Many Rare Earth proponents argue that the Earth's plate tectonics would probably not exist if not for the tidal forces of the Moon. The hypothesis that the Moon's tidal influence initiated or sustained Earth's plate tectonics remains unproven, though at least one study implies a temporal correlation to the formation of the Moon. Evidence for the past existence of plate tectonics on planets like Mars which may never have had a large moon would counter this argument. Kasting argues that a large moon is not required to initiate plate tectonics.

Complex life may arise in alternative habitats

Complex life may exist in environments similar to black smokers on Earth.

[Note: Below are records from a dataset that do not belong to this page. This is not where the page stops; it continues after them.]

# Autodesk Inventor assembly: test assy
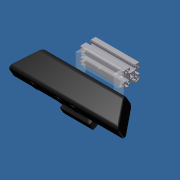
[picture p0: Inventor's stored thumbnail of the model, 180x180]
Saved by Autodesk Inventor 2012 (Build 160160000, 160)
## iProperties
Created: 2012-10-30
Part Number: test assy
Document SubType Name: Assembly
Designer: Ed
Author: Ed
## Documents named in this file (4)
- C:\Users\Ed\Documents\masters\CAD\Kinect\test assy.iam
- C:\Users\Ed\Documents\masters\CAD\Kinect\Kinect.ipt
- C:\Users\Ed\Documents\masters\CAD\Frame\aim rail cross brace.ipt
- C:\Users\Ed\Documents\masters\CAD\Kinect\kinect bracket.iam
## Components (3 placed, 3 different names)
1. Kinect:1 — Mate:3, Mate:4
2. aim rail cross brace:1 — Mate:1, Mate:2
3. kinect bracket:1 [sub-assembly] — Mate:1, Mate:2, Mate:3, Mate:4
## Relationships (4: Mate 4)
- Mate:1: aim rail cross brace:1 ↔ kinect bracket:1
- Mate:2: aim rail cross brace:1 ↔ kinect bracket:1
- Mate:3: Kinect:1 ↔ kinect bracket:1
- Mate:4: Kinect:1 ↔ kinect bracket:1
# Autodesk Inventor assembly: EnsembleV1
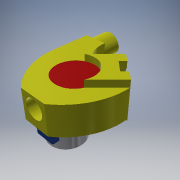
[picture p0: Inventor's stored thumbnail of the model, 180x180]
Saved by Autodesk Inventor 2019 (Build 230136000, 136)
## iProperties
Created: 2020-12-14
Part Number: EnsembleV1
Material: Générique
Document SubType Name: Assembly
Designer: tom.mousset
Author: tom.mousset
## Documents named in this file (4)
- F:\triSmarties\EnsembleV1.iam
- F:\triSmarties\carcasseHaut.ipt
- F:\triSmarties\roue.ipt
- F:\triSmarties\Step - 28BYJ-48.ipt
## Components (3 placed, 3 different names)
1. carcasseHaut:1 — Placage:1, Placage:2, Placage:4, Placage:5, Angle:2
2. Step - 28BYJ-48:1 — Placage:1, Placage:2, Angle:1, Angle:2
3. roue:1 — Placage:4, Placage:5, Angle:1
## Relationships (6: Mate 4, Angle 2)
- Placage:1 [Mate]: carcasseHaut:1 ↔ Step - 28BYJ-48:1
- Placage:2 [Mate]: carcasseHaut:1 ↔ Step - 28BYJ-48:1
- Placage:4 [Mate]: carcasseHaut:1 ↔ roue:1
- Placage:5 [Mate]: carcasseHaut:1 ↔ roue:1
- Angle:1 (45 deg): Step - 28BYJ-48:1 ↔ roue:1
- Angle:2 (180 deg): carcasseHaut:1 ↔ Step - 28BYJ-48:1
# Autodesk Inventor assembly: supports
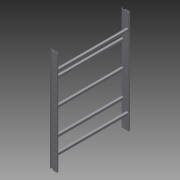
[picture p0: Inventor's stored thumbnail of the model, 180x180]
Saved by Autodesk Inventor 2013 (Build 170138000, 138)
## iProperties
Created: 2012-10-21
Part Number: supports
Document SubType Name: Weldment
Designer: Istvan
Weld Material: Welded Aluminum-6061
Mass: 4701.04 g
Surface Area: 39626.7 cm^2
Volume: 4701.04 cm^3
Density: 1 g/cm^3
Author: Istvan
## Documents named in this file (7)
- C:\Users\istvan.burbank\Documents\GitHub\Crown-Fire\CAD\Frame\Supports\supports.iam
- D:\GitHub\Crown-Fire\CAD\Templates\squareTube_1.5.ipt
- C:\Users\istvan.burbank\Documents\GitHub\Crown-Fire\CAD\Frame\Supports\tableBrace-l.ipt
- C:\Users\istvan.burbank\Documents\GitHub\Crown-Fire\CAD\Frame\Supports\frameBottomChannel.ipt
- E:\GitHub\Crown-Fire\CAD\Templates\cChannel2x1.ipt
- C:\Users\istvan.burbank\Documents\GitHub\Crown-Fire\CAD\Frame\Supports\sideRail.ipt
- E:\GitHub\Crown-Fire\CAD\Templates\squareTube_1x2.ipt
## Components (9 placed, 3 different names)
1. sideRail:1 — Mate:20, Flush:25, Flush:26, Mate:21, Flush:29, Mate:24, Flush:33, Flush:34, Flush:37, Flush:38
2. tableBrace-l:4 — Mate:22, Flush:30, Mate:24, Flush:33, Flush:34, Mate:29
3. tableBrace-l:14 — Mate:20, Flush:25, Flush:26, Mate:28
4. frameBottomChannel:1 — Mate:21, Flush:37, Flush:38, Flush:39, Flush:40, Flush:41
5. frameBottomChannel:2 — Mate:23, Flush:35, Flush:36, Mate:25, Mate:26, Mate:27
6. sideRail:2 — Mate:22, Flush:29, Flush:30, Mate:23, Flush:35, Flush:36
7. tableBrace-l:15 — Mate:26, Flush:40, Mate:30
8. tableBrace-l:16 — Mate:27, Flush:41, Mate:28, Mate:30
9. tableBrace-l:17 — Mate:25, Flush:39, Mate:29
## Relationships (24: Flush 13, Mate 11)
- Mate:20: sideRail:1 ↔ tableBrace-l:14
- Flush:25 (-254 mm): sideRail:1 ↔ tableBrace-l:14
- Flush:26: sideRail:1 ↔ tableBrace-l:14
- Mate:21: sideRail:1 ↔ frameBottomChannel:1
- Mate:22: tableBrace-l:4 ↔ sideRail:2
- Flush:29: sideRail:1 ↔ sideRail:2
- Flush:30: tableBrace-l:4 ↔ sideRail:2
- Mate:23: frameBottomChannel:2 ↔ sideRail:2
- Mate:24: sideRail:1 ↔ tableBrace-l:4
- Flush:33: sideRail:1 ↔ tableBrace-l:4
- Flush:34 (254 mm): sideRail:1 ↔ tableBrace-l:4
- Flush:35: frameBottomChannel:2 ↔ sideRail:2
- Flush:36: frameBottomChannel:2 ↔ sideRail:2
- Flush:37: sideRail:1 ↔ frameBottomChannel:1
- Flush:38: sideRail:1 ↔ frameBottomChannel:1
- Mate:25: frameBottomChannel:2 ↔ tableBrace-l:17
- Mate:26: frameBottomChannel:2 ↔ tableBrace-l:15
- Mate:27: frameBottomChannel:2 ↔ tableBrace-l:16
- Flush:39: frameBottomChannel:1 ↔ tableBrace-l:17
- Flush:40: frameBottomChannel:1 ↔ tableBrace-l:15
- Flush:41: frameBottomChannel:1 ↔ tableBrace-l:16
- Mate:28 (152.4 mm): tableBrace-l:14 ↔ tableBrace-l:16
- Mate:29 (152.4 mm): tableBrace-l:4 ↔ tableBrace-l:17
- Mate:30 (412.75 mm): tableBrace-l:15 ↔ tableBrace-l:16
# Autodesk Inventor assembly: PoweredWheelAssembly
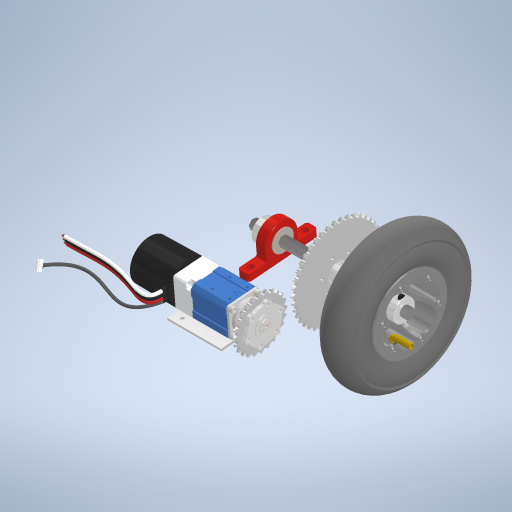
[picture p0: Inventor's stored thumbnail of the model, 512x512]
Saved by Autodesk Inventor 2023 (Build 270158000, 158)
## iProperties
Created: 2022-09-14
Part Number: PoweredWheelAssembly
Document SubType Name: Assembly
Designer: PC
Author: PC
## Documents named in this file (12)
- C:\Users\PC\Documents\PersonalCAD\ARCIGVC\IGVC-Robot\PoweredWheelAssembly.iam
- C:\Users\PC\Documents\PersonalCAD\ARCIGVC\IGVC-Robot\8inPneumatic.ipt
- C:\Users\PC\Documents\PersonalCAD\ARCIGVC\IGVC-Robot\2 Stage HD - CIM Sport.ipt
- C:\Users\PC\Documents\PersonalCAD\ARCIGVC\IGVC-Robot\am-4258 NEO Brushless Motor.ipt
- C:\Users\PC\Documents\PersonalCAD\ARCIGVC\IGVC-Robot\MotorMount.ipt
- C:\Users\PC\Documents\PersonalCAD\ARCIGVC\IGVC-Robot\24tSprocket35Series.ipt
- C:\Users\PC\Documents\PersonalCAD\ARCIGVC\IGVC-Robot\42tSprocket35Series.ipt
- C:\Users\PC\Documents\PersonalCAD\ARCIGVC\IGVC-Robot\Hex Hub .5In.ipt
- C:\Users\PC\Documents\PersonalCAD\ARCIGVC\IGVC-Robot\Bearing Housing.ipt
- C:\Users\PC\Documents\PersonalCAD\ARCIGVC\IGVC-Robot\HalfInHex Bearing.ipt
- C:\Users\PC\Documents\PersonalCAD\ARCIGVC\IGVC-Robot\9in-0.5inHexAxel.ipt
- C:\Users\PC\Documents\PersonalCAD\ARCIGVC\IGVC-Robot\am-1526 500Hex HD Collar Clamp.ipt
## Components (17 placed, 11 different names)
1. 8inPneumatic:1 — Mate:35
2. 2 Stage HD - CIM Sport:1
3. am-4258 NEO Brushless Motor:1
4. MotorMount:1 — Flush:6, Flush:7
5. 24tSprocket35Series:1
6. 42tSprocket35Series:1
7. Hex Hub .5In:1
8. Hex Hub .5In:2
9. Bearing Housing:1 — Flush:4, Mate:35
10. Bearing Housing:2 — Flush:4, Flush:5, Flush:6, Flush:7
11. HalfInHex Bearing:1
12. HalfInHex Bearing:2
13. HalfInHex Bearing:3
14. HalfInHex Bearing:4
15. 9in-0.5inHexAxel:1 — Flush:5
16. am-1526 500Hex HD Collar Clamp:1
17. am-1526 500Hex HD Collar Clamp:2
## Relationships (42: Mate 35, Flush 7)
- [Mate]: 2 Stage HD - CIM Sport:1 ↔ am-4258 NEO Brushless Motor:1
- [Mate]: 2 Stage HD - CIM Sport:1 ↔ am-4258 NEO Brushless Motor:1
- [Mate]: 2 Stage HD - CIM Sport:1 ↔ am-4258 NEO Brushless Motor:1
- [Mate]: 2 Stage HD - CIM Sport:1 ↔ MotorMount:1
- [Mate]: 2 Stage HD - CIM Sport:1 ↔ MotorMount:1
- [Mate]: 2 Stage HD - CIM Sport:1 ↔ MotorMount:1
- [Mate]: 24tSprocket35Series:1 ↔ Hex Hub .5In:2
- [Mate]: 24tSprocket35Series:1 ↔ Hex Hub .5In:2
- [Mate]: 24tSprocket35Series:1 ↔ Hex Hub .5In:2
- [Mate]: 2 Stage HD - CIM Sport:1 ↔ Hex Hub .5In:2
- [Flush]: 2 Stage HD - CIM Sport:1 ↔ Hex Hub .5In:2
- [Mate]: 42tSprocket35Series:1 ↔ Hex Hub .5In:1
- [Mate]: 42tSprocket35Series:1 ↔ Hex Hub .5In:1
- [Mate]: 42tSprocket35Series:1 ↔ Hex Hub .5In:1
- [Mate]: Bearing Housing:1 ↔ Bearing Housing:2
- [Mate]: Bearing Housing:1 ↔ HalfInHex Bearing:1
- [Mate]: Bearing Housing:1 ↔ HalfInHex Bearing:1
- [Mate]: Bearing Housing:1 ↔ HalfInHex Bearing:2
- [Mate]: Bearing Housing:1 ↔ HalfInHex Bearing:2
- [Mate]: Bearing Housing:2 ↔ HalfInHex Bearing:3
- [Mate]: Bearing Housing:2 ↔ HalfInHex Bearing:4
- [Mate]: Bearing Housing:2 ↔ HalfInHex Bearing:4
- [Mate]: Bearing Housing:2 ↔ HalfInHex Bearing:3
- [Mate]: 8inPneumatic:1 ↔ Bearing Housing:1
- [Mate]: Hex Hub .5In:1 ↔ Bearing Housing:1
- [Flush]: 24tSprocket35Series:1 ↔ 42tSprocket35Series:1
- [Mate]: Hex Hub .5In:1 ↔ 9in-0.5inHexAxel:1
- [Mate]: Hex Hub .5In:1 ↔ 9in-0.5inHexAxel:1
- [Flush]: 8inPneumatic:1 ↔ 9in-0.5inHexAxel:1
- [Mate]: 8inPneumatic:1 ↔ 9in-0.5inHexAxel:1
- [Mate]: 9in-0.5inHexAxel:1 ↔ am-1526 500Hex HD Collar Clamp:2
- [Mate]: 9in-0.5inHexAxel:1 ↔ am-1526 500Hex HD Collar Clamp:2
- [Mate] (25.4 mm): MotorMount:1 ↔ Bearing Housing:2
- [Mate]: HalfInHex Bearing:3 ↔ am-1526 500Hex HD Collar Clamp:2
- [Mate]: 9in-0.5inHexAxel:1 ↔ am-1526 500Hex HD Collar Clamp:1
- [Mate]: 9in-0.5inHexAxel:1 ↔ am-1526 500Hex HD Collar Clamp:1
- [Mate]: 8inPneumatic:1 ↔ am-1526 500Hex HD Collar Clamp:1
- Flush:4: Bearing Housing:1 ↔ Bearing Housing:2
- Mate:35 (17.4752 mm): 8inPneumatic:1 ↔ Bearing Housing:1
- Flush:5 (25.5778 mm): Bearing Housing:2 ↔ 9in-0.5inHexAxel:1
- Flush:6 (4.7752 mm): MotorMount:1 ↔ Bearing Housing:2
- Flush:7: MotorMount:1 ↔ Bearing Housing:2

Rare Earth proponents argue that simple life may be common, though complex life requires specific environmental conditions to arise. Critics consider life could arise on a moon of a gas giant, though this is less likely if life requires volcanicity. The moon must have stresses to induce tidal heating, but not so dramatic as seen on Jupiter's Io. However, the moon is within the gas giant's intense radiation belts, sterilizing any biodiversity before it can get established. Dirk Schulze-Makuch disputes this, hypothesizing alternative biochemistries for alien life. While Rare Earth proponents argue that only microbial extremophiles could exist in subsurface habitats beyond Earth, some argue that complex life can also arise in these environments. Examples of extremophile animals such as the Hesiocaeca methanicola, an animal that inhabits ocean floor methane clathrates substances more commonly found in the outer Solar System, the tardigrades which can survive in the vacuum of space or Halicephalobus mephisto which exists in crushing pressure, scorching temperatures and extremely low oxygen levels 3.6 kilometres deep in the Earth's crust, are sometimes cited by critics as complex life capable of thriving in "alien" environments. Jill Tarter counters the classic counterargument that these species adapted to these environments rather than arose in them, by suggesting that we cannot assume conditions for life to emerge which are not actually known. There are suggestions that complex life could arise in sub-surface conditions which may be similar to those where life may have arisen on Earth, such as the tidally heated subsurfaces of Europa or Enceladus. Ancient circumvental ecosystems such as these support complex life on Earth such as Riftia pachyptila that exist completely independent of the surface biosphere.